Users are able to quickly create and store quotes and contracts; select profit margins and quickly assess overall deal profitability; print contracts on plain paper; generate accurate invoices and electronically remit contracts. The system allows users to electronically process and view the status of claims and contracts.
In addition to its sales and administrative features, the I.Q. System simplifies managing and tracking of the F&I process for dealers. The system increases visibility by allowing managers to run reports on the information contained within the system, including quotes, contracts, customer information, product information and claims.
“By leveraging our system, dealerships will be able to instantaneously receive updated pricing and product eligibility while printing all contracts with one click of the mouse,” said Barry Miller, president of RpmOne.

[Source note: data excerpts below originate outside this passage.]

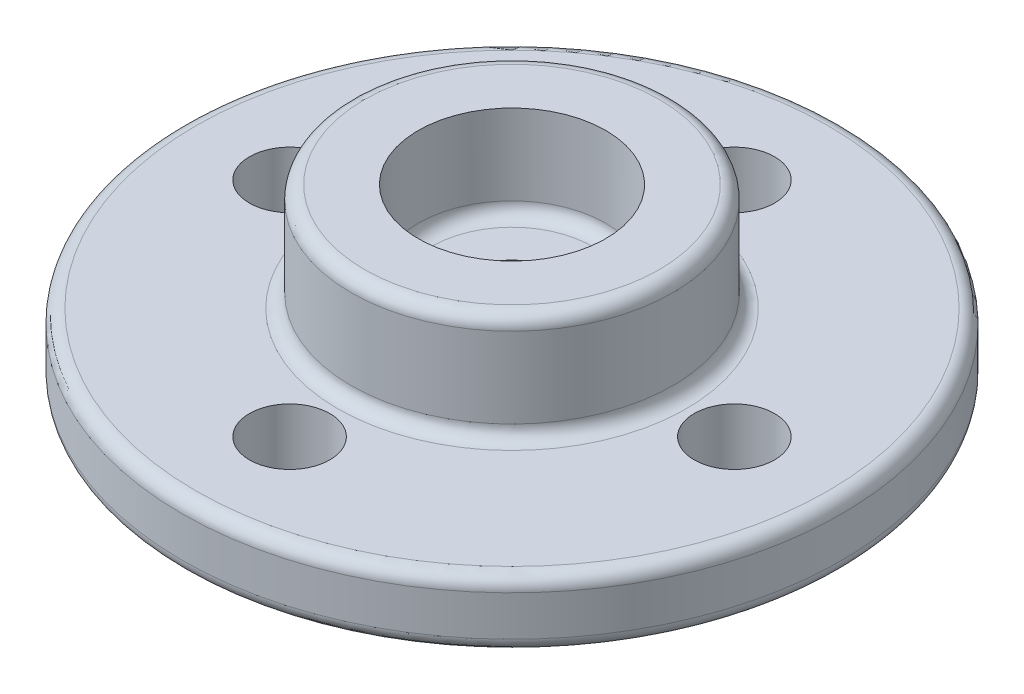
SolidWorks part; units mm, degrees
material "6061 Alloy"
ref_plane "Front Plane" through (0, 0, 0) normal (0, 0, 1) x (1, 0, 0)
ref_plane "Top Plane" through (0, 0, 0) normal (0, 1, 0) x (1, 0, 0)
ref_plane "Right Plane" through (0, 0, 0) normal (1, 0, 0) x (0, 0, -1)
sketch "Sketch1" plane through (0, 0, 0) normal (1, 0, 0) x (0, 0, -1)
  line L0 (1.5, 0) -> (1.5, 3)
  line L2 (13.53, 0) -> (-13.53, 0) construction
  line L3 (1.5, 3) -> (3.5, 3)
  line L4 (3.5, 3) -> (3.5, 6.5)
  line L5 (3.5, 6.5) -> (6, 6.5)
  line L7 (6, 6.5) -> (6, 2.5)
  line L8 (6, 2.5) -> (12.3, 2.5)
  line L9 (12.3, 2.5) -> (12.3, 0)
  line L10 (12.3, 0) -> (1.5, 0)
  line L11 (0, -5.7365) -> (0, 32.5513) construction
  line L12 (0, 3.575) -> (0, -3.575) construction
  dimension "D1" = 3.5
  dimension "D2" = 1.5
  dimension "D3" = 12.3
  dimension "D4" = 6
  dimension "D5" = 2.5
  dimension "D6" = 4
  dimension "D7" = 3.5
revolve "Revolve1" add sketch "Sketch1" angle 360 about L11
sketch "Sketch2" plane through (0, 0, 0) normal (0, -1, 0) x (1, 0, 0)
  line L0 (0, -3.575) -> (0, 3.575) construction
  line L1 (3.575, 0) -> (-3.575, 0) construction
  circle A0 centre (0, -8.3) radius 1.5
  dimension "D1" = 3
  dimension "D2" = 8.3
extrude "Cut-Extrude1" cut sketch "Sketch2" against normal blind 10
pattern_circular "CirPattern1" count 4 over 360 about axis through (0, 0, 0) along (0, 1, 0) of "Cut-Extrude1"
fillet "Fillet1" radius 0.5 5 edges at (0, 0, -12.3) (0, 2.5, -12.3) (0, 6.5, -6) (0, 3, -3.5) (0, 2.5, -6)

“Additionally, dealers will never run out of contracts, lose another contract that should have been remitted, fill out another remit sheet, go through the nuisance of mailing contracts, or experience printing problems with carbon forms.”
RpmOne’s new I.Q. System is Web-based and accessible from any Web-enabled device, it does not require any upfront capital investment in hardware or software. The system has undergone beta testing with a sampling of customers to ensure usability.


Wells Fargo exits powersports industry
Wells Fargo Specialty Finance alerted its dealers that it would discontinue offering indirect financing to RV, motorcycle, marine and powersports dealers, the company said in a statement July 13.
The statement included the text of a letter it sent to affected dealers, in which it announced it was terminating its dealer agreements as of Oct. 3. Wells Fargo will stop processing applications Aug. 4. Contracts approved as of Aug. 3 will be processed and funded in the ordinary course through Oct. 3.
“We regret that we will not be able to provide our financing services to you after these dates,” the letter stated. “What’s most important is you have sufficient time to identify alternative lending sources, and please keep in mind that Wells Fargo will continue to provide all our existing business banking services.”


ADP reports strong business growth in year-end report
ADP reported 14 percent revenue growth for its fiscal year, which ended June 30.
Net earnings grew 21 percent for the company to more than $1 billion.
ADP said 1 percent of its revenue growth from its fiscal year came from acquisitions and another 1 percent came from favorable foreign exchange rates.
Its dealer services segment increased its revenue by 8.5 percent for the fourth quarter and 14 percent over the past year. Its new business sales growth in North America was reported as strong.